22 December 2011

Wine lovers to profit from falling prices


Think of wine critic Robert Parker as the EF Hutton of fermented grapes. When he talks, oenophiles listen.
So when Parker, publisher of the Wine Advocate, said recently that the world is entering the 'Age of the Buyer' - a prolonged period of stable or declining wine prices - it was enough to get sommeliers buzzing over their Chateau D'Yquem.
"There's now a tremendous amount of high-quality wines available at reasonable prices," agrees Andrew Bell, president and CEO of American Sommelier, a membership association for wine aficionados. "With supply increasing and consumption decreasing, it stands to reason that prices will fall or stabilize. The pendulum is swinging in favor of the consumer."

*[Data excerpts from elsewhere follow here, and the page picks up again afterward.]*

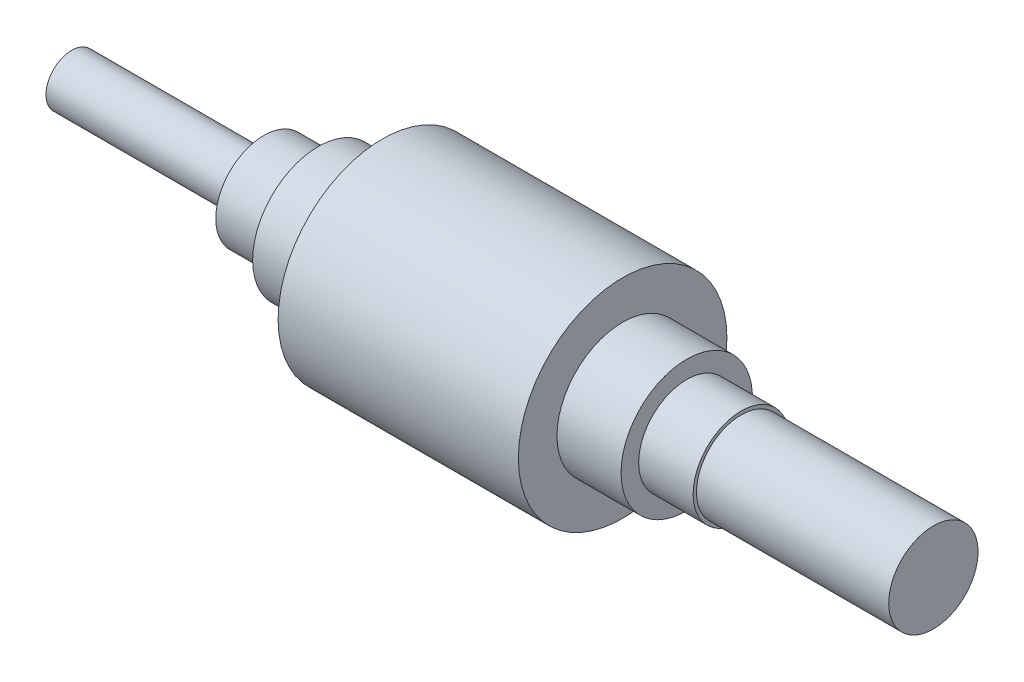
SolidWorks part; units mm, degrees
ref_plane "Ön Düzlem" through (0, 0, 0) normal (0, 0, 1) x (1, 0, 0)
ref_plane "Üst Düzlem" through (0, 0, 0) normal (0, 1, 0) x (1, 0, 0)
ref_plane "Sağ Düzlem" through (0, 0, 0) normal (1, 0, 0) x (0, 0, -1)
sketch "Çizim1" plane through (0, 0, 0) normal (0, 0, 1) x (1, 0, 0)
  line L1 (30, 7.5) -> (38.5, 7.5)
  line L2 (38.5, 7.5) -> (38.5, 10.25)
  line L3 (38.5, 10.25) -> (48.5, 10.25)
  line L4 (48.5, 10.25) -> (48.5, 16.275)
  line L5 (48.5, 16.275) -> (86, 16.275)
  line L6 (86, 16.275) -> (86, 10.25)
  line L7 (86, 10.25) -> (96, 10.25)
  line L8 (96, 10.25) -> (96, 7.5)
  line L10 (134.5, 6.975) -> (134.5, 0)
  line L11 (0, 0) -> (50000, 0) construction
  line L12 (0, 0) -> (134.5, 0)
  line L13 (96, 7.5) -> (104.5, 7.5)
  line L14 (104.5, 7.5) -> (104.5, 6.975)
  line L15 (104.5, 6.975) -> (134.5, 6.975)
  line L16 (30, 7.5) -> (30, 4)
  line L17 (30, 4) -> (0, 4)
  line L18 (0, 4) -> (0, 0)
  point P13 (10.1128, 10)
  dimension "D2" = 7.5
  dimension "D3" = 10
  dimension "D4" = 10.25
  dimension "D5" = 37.5
  dimension "D6" = 6.975
  dimension "D7" = 7.5
  dimension "D8" = 16.275
  dimension "D9" = 10
  dimension "D10" = 8.5
  dimension "D11" = 10.25
  dimension "D12" = 30
  dimension "D13" = 8.5
  dimension "D14" = 30
  dimension "D15" = 4
revolve "Döndür1" add sketch "Çizim1" angle 360 about L11
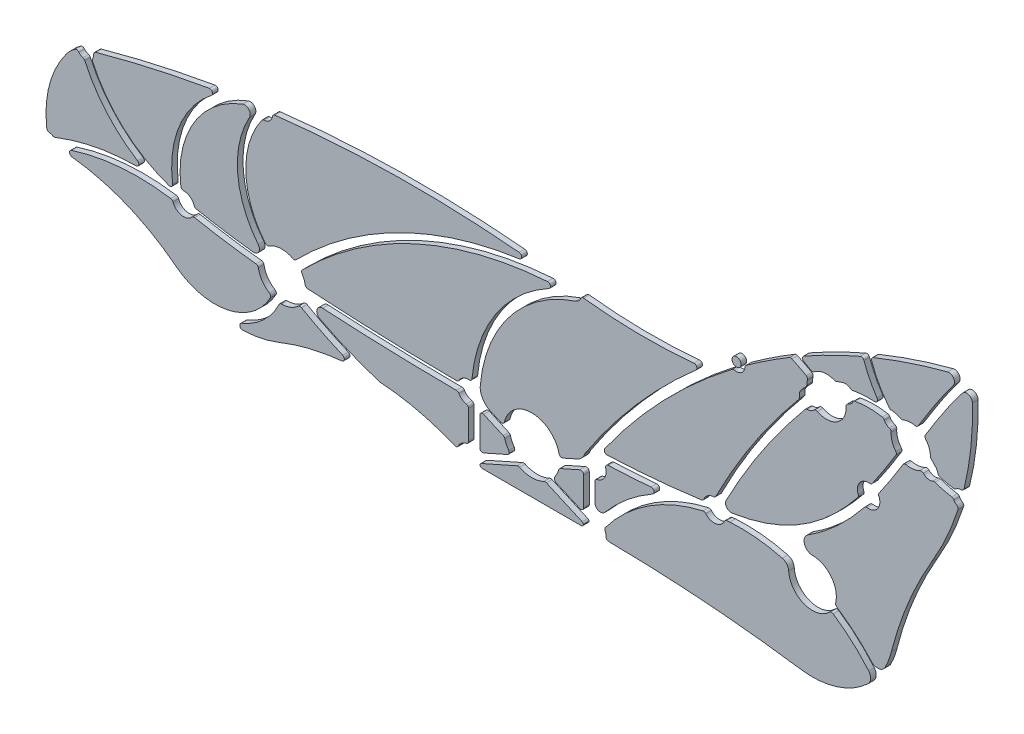
SolidWorks part; units mm, degrees
material "ｴﾎﾟｷｼ樹脂(充填剤なし)"
ref_plane "正面" through (0, 0, 0) normal (0, 0, 1) x (1, 0, 0)
ref_plane "平面" through (0, 0, 0) normal (0, 1, 0) x (1, 0, 0)
ref_plane "右側面" through (0, 0, 0) normal (1, 0, 0) x (0, 0, -1)
sketch "ｽｹｯﾁ1" plane through (0, 0, 0) normal (0, 0, 1) x (1, 0, 0)
  line L1 (-22.5, -10.101) -> (-22.5, 0.101)
  line L2 (-22.5, -10.101) -> (-22.5, 0.101)
  line L3 (22.5, 0.101) -> (22.5, -6.4126)
  line L4 (22.5, 0.101) -> (22.5, -6.4126)
  line L6 (11.119, 1.5832) -> (16.2024, 3.8425)
  line L7 (18.5, -10.042) -> (18.5, 0.042)
  line L8 (8.626, -7.1923) -> (17.0939, -10.9558)
  line L9 (17.0939, 0.9558) -> (10.1663, -2.1231)
  line L10 (18.5, -10.042) -> (18.5, 0.042)
  line L11 (8.626, -7.1923) -> (17.0939, -10.9558)
  line L12 (17.0939, 0.9558) -> (10.1663, -2.1231)
  line L13 (-10.1663, -2.1231) -> (-17.0939, 0.9558)
  line L14 (-17.0939, -10.9558) -> (-8.626, -7.1923)
  line L15 (-18.5, 0.042) -> (-18.5, -10.042)
  line L16 (-10.1663, -2.1231) -> (-17.0939, 0.9558)
  line L17 (-17.0939, -10.9558) -> (-8.626, -7.1923)
  line L18 (-18.5, 0.042) -> (-18.5, -10.042)
  line L19 (-17.5, -16) -> (17.5, -16)
  line L20 (-5.2366, -8.9688) -> (-17.9339, -14.6121)
  line L21 (17.9339, -14.6121) -> (5.2366, -8.9688)
  line L22 (-17.5, -16) -> (17.5, -16)
  line L23 (-5.2366, -8.9688) -> (-17.9339, -14.6121)
  line L24 (17.9339, -14.6121) -> (5.2366, -8.9688)
  line L25 (-14.7807, 3.2107) -> (-11.119, 1.5832)
  line L26 (11.119, 1.5832) -> (16.2024, 3.8425)
  line L27 (-14.7807, 3.2107) -> (-11.119, 1.5832)
  arc A16 (-103.3566, -14.0607) -> (-89.967, -1.5631) centre (-112.8701, 9.5532) ccw
  arc A17 (-89.0603, -0.9998) -> (-89.967, -1.5631) centre (-89.0674, -1.9998) ccw
  arc A18 (-89.0603, -0.9998) -> (-83.2113, 1.2758) centre (-89, 7.5) ccw
  arc A19 (-82.0317, 1.4104) -> (-83.2113, 1.2758) centre (-82.5302, 0.5435) ccw
  arc A20 (-82.0317, 1.4104) -> (-67.3468, -5.898) centre (-13.9413, 119.818) ccw
  arc A21 (-67.6378, -7.8134) -> (-67.3468, -5.898) centre (-67.7378, -6.8184) ccw
  arc A22 (-67.6378, -7.8134) -> (-90.1176, -13.3365) centre (-59.3978, -89.8605) ccw
  arc A23 (-102.9573, -15.9879) -> (-90.1176, -13.3365) centre (-103.9017, 21) ccw
  arc A24 (-103.3566, -14.0607) -> (-102.9573, -15.9879) centre (-102.9829, -14.9883) ccw
  arc A25 (-103.3566, -14.0607) -> (-89.967, -1.5631) centre (-112.8701, 9.5532) ccw
  arc A26 (-89.0603, -0.9998) -> (-89.967, -1.5631) centre (-89.0674, -1.9998) ccw
  arc A27 (-89.0603, -0.9998) -> (-83.2113, 1.2758) centre (-89, 7.5) ccw
  arc A28 (-82.0317, 1.4104) -> (-83.2113, 1.2758) centre (-82.5302, 0.5435) ccw
  arc A29 (-82.0317, 1.4104) -> (-67.3468, -5.898) centre (-13.9413, 119.818) ccw
  arc A30 (-67.6378, -7.8134) -> (-67.3468, -5.898) centre (-67.7378, -6.8184) ccw
  arc A31 (-67.6378, -7.8134) -> (-90.1176, -13.3365) centre (-59.3978, -89.8605) ccw
  arc A32 (-102.9573, -15.9879) -> (-90.1176, -13.3365) centre (-103.9017, 21) ccw
  arc A33 (-103.3566, -14.0607) -> (-102.9573, -15.9879) centre (-102.9829, -14.9883) ccw
  arc A35 (-114.85, 52.6669) -> (-155.2686, 43.5545) centre (-42.29, -363.3692) ccw
  arc A36 (-114.0595, 50.8962) -> (-114.85, 52.6669) centre (-114.6782, 51.6818) ccw
  arc A37 (-114.0595, 50.8962) -> (-127.9008, 16.5808) centre (-91.0356, 21.6602) ccw
  arc A38 (-126.7209, -8.1253) -> (-163.7257, 7.0322) centre (-172, -65.9175) ccw
  arc A39 (-163.9203, 8.9775) -> (-163.7257, 7.0322) centre (-163.613, 8.0259) ccw
  arc A40 (-128.5572, 11.8079) -> (-163.9203, 8.9775) centre (-140.2604, -64.3004) ccw
  arc A41 (-127.7673, 11.1556) -> (-128.5572, 11.8079) centre (-128.7091, 10.8195) ccw
  arc A42 (-127.7673, 11.1556) -> (-121.0036, 9.8502) centre (-124, 12.5) ccw
  arc A43 (-120.0633, 10.1693) -> (-121.0036, 9.8502) centre (-120.2545, 9.1877) ccw
  arc A44 (-120.0633, 10.1693) -> (-98.2474, 6.8503) centre (-69.0994, 271.8045) ccw
  arc A45 (-97.3718, 6.0294) -> (-98.2474, 6.8503) centre (-98.3567, 5.8563) ccw
  arc A46 (-97.3718, 6.0294) -> (-93.4427, 0.2535) centre (-89, 7.5) ccw
  arc A47 (-93.0844, -1.0722) -> (-93.4427, 0.2535) centre (-93.9654, -0.5991) ccw
  arc A48 (-126.7209, -8.1253) -> (-93.0844, -1.0722) centre (-112.8701, 9.5532) ccw
  arc A49 (-126.7209, -8.1253) -> (-163.7257, 7.0322) centre (-172, -65.9175) ccw
  arc A50 (-163.9203, 8.9775) -> (-163.7257, 7.0322) centre (-163.613, 8.0259) ccw
  arc A51 (-128.5572, 11.8079) -> (-163.9203, 8.9775) centre (-140.2604, -64.3004) ccw
  arc A52 (-127.7673, 11.1556) -> (-128.5572, 11.8079) centre (-128.7091, 10.8195) ccw
  arc A53 (-127.7673, 11.1556) -> (-121.0036, 9.8502) centre (-124, 12.5) ccw
  arc A54 (-120.0633, 10.1693) -> (-121.0036, 9.8502) centre (-120.2545, 9.1877) ccw
  arc A55 (-120.0633, 10.1693) -> (-98.2474, 6.8503) centre (-69.0994, 271.8045) ccw
  arc A56 (-97.3718, 6.0294) -> (-98.2474, 6.8503) centre (-98.3567, 5.8563) ccw
  arc A57 (-97.3718, 6.0294) -> (-93.4427, 0.2535) centre (-89, 7.5) ccw
  arc A58 (-93.0844, -1.0722) -> (-93.4427, 0.2535) centre (-93.9654, -0.5991) ccw
  arc A59 (-126.7209, -8.1253) -> (-93.0844, -1.0722) centre (-112.8701, 9.5532) ccw
  arc A60 (-129.2172, 15.4989) -> (-127.9008, 16.5808) centre (-128.8914, 16.4443) ccw
  arc A61 (-156.4002, 40.1644) -> (-129.2172, 15.4989) centre (-114.0417, 59.5347) ccw
  arc A62 (-156.3681, 41.0602) -> (-156.4002, 40.1644) centre (-155.4908, 40.5803) ccw
  arc A63 (-156.3681, 41.0602) -> (-156.0008, 42.5682) centre (-159, 42.5) ccw
  arc A64 (-155.2686, 43.5545) -> (-156.0008, 42.5682) centre (-155.001, 42.5909) ccw
  arc A65 (-114.85, 52.6669) -> (-155.2686, 43.5545) centre (-42.29, -363.3692) ccw
  arc A66 (-114.0595, 50.8962) -> (-114.85, 52.6669) centre (-114.6782, 51.6818) ccw
  arc A67 (-114.0595, 50.8962) -> (-127.9008, 16.5808) centre (-91.0356, 21.6602) ccw
  arc A68 (-129.2172, 15.4989) -> (-127.9008, 16.5808) centre (-128.8914, 16.4443) ccw
  arc A69 (-156.4002, 40.1644) -> (-129.2172, 15.4989) centre (-114.0417, 59.5347) ccw
  arc A70 (-156.3681, 41.0602) -> (-156.4002, 40.1644) centre (-155.4908, 40.5803) ccw
  arc A71 (-156.3681, 41.0602) -> (-156.0008, 42.5682) centre (-159, 42.5) ccw
  arc A72 (-155.2686, 43.5545) -> (-156.0008, 42.5682) centre (-155.001, 42.5909) ccw
  arc A73 (-100.5051, 50.879) -> (-97.4246, 13.2154) centre (-71.0713, 34.3286) ccw
  arc A74 (-99.214, 9.978) -> (-97.4246, 13.2154) centre (-98.9855, 11.9649) ccw
  arc A75 (-4.471, 57.2503) -> (-91.4838, 56.0721) centre (-42.29, -363.3692) ccw
  arc A76 (-140.9263, 15.6997) -> (-169.717, 10.0822) centre (-140.2604, -64.3004) ccw
  arc A77 (-170.5639, 10.1339) -> (-169.717, 10.0822) centre (-170.0852, 11.0119) ccw
  arc A78 (-170.5639, 10.1339) -> (-171.786, 10.4924) centre (-172, 7.5) ccw
  arc A79 (-172.7066, 11.3632) -> (-171.786, 10.4924) centre (-171.7146, 11.4898) ccw
  arc A80 (-165.6353, 37.9447) -> (-172.7066, 11.3632) centre (-136.5587, 15.9784) ccw
  arc A81 (-162.6526, 40.7855) -> (-165.6353, 37.9447) centre (-155.4945, 30.2837) ccw
  arc A82 (-161.317, 40.5944) -> (-162.6526, 40.7855) centre (-162.0894, 39.9592) ccw
  arc A83 (-161.317, 40.5944) -> (-159.8316, 39.6176) centre (-159, 42.5) ccw
  arc A84 (-159.198, 39.0695) -> (-159.8316, 39.6176) centre (-160.1088, 38.6568) ccw
  arc A85 (-159.198, 39.0695) -> (-140.4029, 17.5466) centre (-114.0417, 59.5347) ccw
  arc A86 (-140.9263, 15.6997) -> (-140.4029, 17.5466) centre (-140.9346, 16.6997) ccw
  arc A87 (-140.9263, 15.6997) -> (-169.717, 10.0822) centre (-140.2604, -64.3004) ccw
  arc A88 (-170.5639, 10.1339) -> (-169.717, 10.0822) centre (-170.0852, 11.0119) ccw
  arc A89 (-170.5639, 10.1339) -> (-171.786, 10.4924) centre (-172, 7.5) ccw
  arc A90 (-172.7066, 11.3632) -> (-171.786, 10.4924) centre (-171.7146, 11.4898) ccw
  arc A91 (-165.6353, 37.9447) -> (-172.7066, 11.3632) centre (-136.5587, 15.9784) ccw
  arc A92 (-162.6526, 40.7855) -> (-165.6353, 37.9447) centre (-155.4945, 30.2837) ccw
  arc A93 (-161.317, 40.5944) -> (-162.6526, 40.7855) centre (-162.0894, 39.9592) ccw
  arc A94 (-161.317, 40.5944) -> (-159.8316, 39.6176) centre (-159, 42.5) ccw
  arc A95 (-159.198, 39.0695) -> (-159.8316, 39.6176) centre (-160.1088, 38.6568) ccw
  arc A96 (-159.198, 39.0695) -> (-140.4029, 17.5466) centre (-114.0417, 59.5347) ccw
  arc A97 (-140.9263, 15.6997) -> (-140.4029, 17.5466) centre (-140.9346, 16.6997) ccw
  arc A98 (-4.4224, 55.2639) -> (-4.471, 57.2503) centre (-4.5606, 56.2543) ccw
  arc A99 (-4.4224, 55.2639) -> (-83.9236, 15.238) centre (14.6672, -81.6202) ccw
  arc A100 (-85.0963, 15.0506) -> (-83.9236, 15.238) centre (-84.637, 15.9389) ccw
  arc A101 (-85.0963, 15.0506) -> (-93.5868, 14.6562) centre (-89, 7.5) ccw
  arc A102 (-94.9009, 14.8656) -> (-93.5868, 14.6562) centre (-94.1264, 15.4981) ccw
  arc A103 (-96.1287, 52.1831) -> (-94.9009, 14.8656) centre (-71.0713, 34.3286) ccw
  arc A104 (-95.319, 52.6028) -> (-96.1287, 52.1831) centre (-95.3143, 51.6028) ccw
  arc A105 (-95.319, 52.6028) -> (-92.3587, 55.2099) centre (-95.3328, 55.6027) ccw
  arc A106 (-91.4838, 56.0721) -> (-92.3587, 55.2099) centre (-91.3673, 55.0789) ccw
  arc A107 (-4.471, 57.2503) -> (-91.4838, 56.0721) centre (-42.29, -363.3692) ccw
  arc A108 (-4.4224, 55.2639) -> (-4.471, 57.2503) centre (-4.5606, 56.2543) ccw
  arc A109 (-4.4224, 55.2639) -> (-83.9236, 15.238) centre (14.6672, -81.6202) ccw
  arc A110 (-85.0963, 15.0506) -> (-83.9236, 15.238) centre (-84.637, 15.9389) ccw
  arc A111 (-85.0963, 15.0506) -> (-93.5868, 14.6562) centre (-89, 7.5) ccw
  arc A112 (-94.9009, 14.8656) -> (-93.5868, 14.6562) centre (-94.1264, 15.4981) ccw
  arc A113 (-96.1287, 52.1831) -> (-94.9009, 14.8656) centre (-71.0713, 34.3286) ccw
  arc A114 (-95.319, 52.6028) -> (-96.1287, 52.1831) centre (-95.3143, 51.6028) ccw
  arc A115 (-95.319, 52.6028) -> (-92.3587, 55.2099) centre (-95.3328, 55.6027) ccw
  arc A116 (-91.4838, 56.0721) -> (-92.3587, 55.2099) centre (-91.3673, 55.0789) ccw
  arc A117 (-22.314, 8.9957) -> (-25.9592, 7.0085) centre (-22.5, 5) ccw
  arc A118 (-26.8289, 6.5106) -> (-25.9592, 7.0085) centre (-26.824, 7.5106) ccw
  arc A119 (-79.7472, 8.3552) -> (-26.8289, 6.5106) centre (-22.5, 890.7) ccw
  arc A120 (-80.6633, 9.158) -> (-79.7472, 8.3552) centre (-79.6825, 9.3531) ccw
  arc A121 (-80.6633, 9.158) -> (-81.8017, 12.0204) centre (-89, 7.5) ccw
  arc A122 (-81.6673, 13.2539) -> (-81.8017, 12.0204) centre (-80.9548, 12.5522) ccw
  arc A123 (5.6096, 53.2849) -> (-81.6673, 13.2539) centre (14.6672, -81.6202) ccw
  arc A124 (6.1525, 51.4076) -> (5.6096, 53.2849) centre (5.6766, 52.2871) ccw
  arc A125 (6.1525, 51.4076) -> (-21.2718, 9.9017) centre (31.2679, 5) ccw
  arc A126 (-22.314, 8.9957) -> (-21.2718, 9.9017) centre (-22.2675, 9.9946) ccw
  arc A127 (-22.314, 8.9957) -> (-25.9592, 7.0085) centre (-22.5, 5) ccw
  arc A128 (-26.8289, 6.5106) -> (-25.9592, 7.0085) centre (-26.824, 7.5106) ccw
  arc A129 (-79.7472, 8.3552) -> (-26.8289, 6.5106) centre (-22.5, 890.7) ccw
  arc A130 (-80.6633, 9.158) -> (-79.7472, 8.3552) centre (-79.6825, 9.3531) ccw
  arc A131 (-80.6633, 9.158) -> (-81.8017, 12.0204) centre (-89, 7.5) ccw
  arc A132 (-81.6673, 13.2539) -> (-81.8017, 12.0204) centre (-80.9548, 12.5522) ccw
  arc A133 (5.6096, 53.2849) -> (-81.6673, 13.2539) centre (14.6672, -81.6202) ccw
  arc A134 (6.1525, 51.4076) -> (5.6096, 53.2849) centre (5.6766, 52.2871) ccw
  arc A135 (6.1525, 51.4076) -> (-21.2718, 9.9017) centre (31.2679, 5) ccw
  arc A136 (-22.314, 8.9957) -> (-21.2718, 9.9017) centre (-22.2675, 9.9946) ccw
  arc A137 (-119.4498, 13.1062) -> (-99.214, 9.978) centre (-69.0994, 271.8045) ccw
  arc A138 (-27.4366, -13.8466) -> (-54.0639, -7.5734) centre (-59.3978, -89.8605) ccw
  arc A139 (-54.3014, -7.5287) -> (-54.0639, -7.5734) centre (-53.9993, -6.5755) ccw
  arc A140 (-75.487, 1.2505) -> (-54.3014, -7.5287) centre (-13.9413, 119.818) ccw
  arc A141 (-74.4485, 5.0222) -> (-75.487, 1.2505) centre (-74.5656, 3.0256) ccw
  arc A142 (-74.4485, 5.0222) -> (-26.8313, 3.5106) centre (-22.5, 890.7) ccw
  arc A143 (-25.969, 3.0085) -> (-26.8313, 3.5106) centre (-26.8362, 2.5106) ccw
  arc A144 (-25.969, 3.0085) -> (-23.3, 1.0808) centre (-22.5, 5) ccw
  arc A145 (-22.5, 0.101) -> (-23.3, 1.0808) centre (-23.5, 0.101) ccw
  arc A146 (-23.3, -11.0808) -> (-22.5, -10.101) centre (-23.5, -10.101) ccw
  arc A147 (-23.3, -11.0808) -> (-26.1392, -13.3399) centre (-22.5, -15) ccw
  arc A148 (-27.4366, -13.8466) -> (-26.1392, -13.3399) centre (-27.049, -12.9248) ccw
  arc A149 (-27.4366, -13.8466) -> (-54.0639, -7.5734) centre (-59.3978, -89.8605) ccw
  arc A150 (-54.3014, -7.5287) -> (-54.0639, -7.5734) centre (-53.9993, -6.5755) ccw
  arc A151 (-75.487, 1.2505) -> (-54.3014, -7.5287) centre (-13.9413, 119.818) ccw
  arc A152 (-74.4485, 5.0222) -> (-75.487, 1.2505) centre (-74.5656, 3.0256) ccw
  arc A153 (-74.4485, 5.0222) -> (-26.8313, 3.5106) centre (-22.5, 890.7) ccw
  arc A154 (-25.969, 3.0085) -> (-26.8313, 3.5106) centre (-26.8362, 2.5106) ccw
  arc A155 (-25.969, 3.0085) -> (-23.3, 1.0808) centre (-22.5, 5) ccw
  arc A156 (-22.5, 0.101) -> (-23.3, 1.0808) centre (-23.5, 0.101) ccw
  arc A157 (-23.3, -11.0808) -> (-22.5, -10.101) centre (-23.5, -10.101) ccw
  arc A158 (-23.3, -11.0808) -> (-26.1392, -13.3399) centre (-22.5, -15) ccw
  arc A159 (-27.4366, -13.8466) -> (-26.1392, -13.3399) centre (-27.049, -12.9248) ccw
  arc A160 (-120.207, 13.7702) -> (-119.4498, 13.1062) centre (-119.2588, 14.0878) ccw
  arc A161 (-120.207, 13.7702) -> (-123.99, 16.5) centre (-124, 12.5) ccw
  arc A162 (-124.9796, 17.3747) -> (-123.99, 16.5) centre (-123.9875, 17.5) ccw
  arc A163 (-102.9446, 53.7342) -> (-124.9796, 17.3747) centre (-91.0356, 21.6602) ccw
  arc A164 (-100.5051, 50.879) -> (-102.9446, 53.7342) centre (-102.2484, 51.8592) ccw
  arc A165 (-100.5051, 50.879) -> (-97.4246, 13.2154) centre (-71.0713, 34.3286) ccw
  arc A166 (-99.214, 9.978) -> (-97.4246, 13.2154) centre (-98.9855, 11.9649) ccw
  arc A167 (-119.4498, 13.1062) -> (-99.214, 9.978) centre (-69.0994, 271.8045) ccw
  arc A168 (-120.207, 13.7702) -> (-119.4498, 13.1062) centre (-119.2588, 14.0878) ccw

To which wine lovers might say: It's about time. In recent years, they have grappled with seemingly ever-increasing prices. With production at top French chateaux like Margaux or Petrus limited, and wealthy Chinese buyers starting to acquire a taste for high-end Bordeaux, bidders have set auction records and the futures market has been priced at sky-high levels.
But things may finally be tipping in favor of the consumer, at least in the broader market. The punishing recession has a lot to do with it: Disposable income is plummeting, so most households just don't have much cash to be splurging on an outstanding syrah or sauvignon blanc.
"The recession drove everyone to trade down," says Barbara Insel, CEO of Napa-based wine-market advisory firm Stonebridge Research Group. "The market disappeared for most wines costing more than $15 or $20. Pretty much anything costing more than $30 was 30 percent off - and often not refilled on the shelves or wine lists."
CURRENCY TRENDS
Currency trends are helping foster the Age of the Buyer, as well - at least for Americans.
"There's some bullish sentiment under the U.S. dollar now because the American economy is starting to perform better," says David Song, a currency analyst with foreign-exchange site http://DailyFX.com. "Meanwhile the outlook for the Euro is pretty bearish, and it will likely trend lower for 2012."
That combination of a steadying greenback and a worsening Eurozone mess will likely drive down prices for European wine imports. From the Euro's current exchange rate of roughly $1.30, already well down from previous levels of around $1.60, Song expects a further slide to $1.20 or even $1.10. That, in turn, could encourage American producers to trim their own prices in order to compete.
Here are a few ways savvy oenophiles can benefit:
- Leverage your online advantage. Historically, wine access has been a restricted and clubby affair, which often depended on personal relationships with dealers.
But the proliferation of online retailers has essentially democratized access to high-quality vintages. An array of websites are now offering so-called "flash" deals of deep discounts on high-end, limited-availability cases. A couple of Andrew Bell's favorites: http://Lot18.com and http://WinesTilSoldOut.com.
- Look beyond Bordeaux. Want a steal on bottles from famed French chateaux like Haut-Brion or Romanee-Conti? You're probably out of luck. That's the stuff that billionaire Chinese buyers really care about, as do investment vehicles like the London-based Fine Wine Fund, which tend to focus almost exclusively on first-growth Bordeaux. One reason is that Bordeaux is - pardon the pun - the most liquid option for wine investors, easily sold to other collectors. Other regions and varietals can be harder to move.
But look to the rest of the world, and the bargains appear plentiful. The quality-to-price ratio is particularly attractive in places like Australia, New Zealand, Argentina, South Africa, Spain and Chile. Stonebridge's Insel says buyers can find an alluring mix of quality and value in Southern Italian reds, whites from Italy's Veneto region and homegrown vintages from Washington State.
- Be active at auctions. As Woody Allen once said, 90 percent of life is just showing up. In that spirit, show up at the wine auctions of prominent purveyors like Zachys, Hart Davis Hart, Sotheby's and Christie's, and you might be surprised at what you come away with. After all, since wine futures have been priced at record levels - and you still have to wait a couple of years for delivery - you'll probably have better luck with more mature vintages.
Tips from American Sommelier's Bell: Do your due diligence beforehand to identify your best quality-to-price opportunities; set budget limits for yourself, so you don't get caught up in auction momentum and overpay; and consider so-called 'mixed' or 'odd' lots, groupings of assorted wines that higher-end collectors might overlook.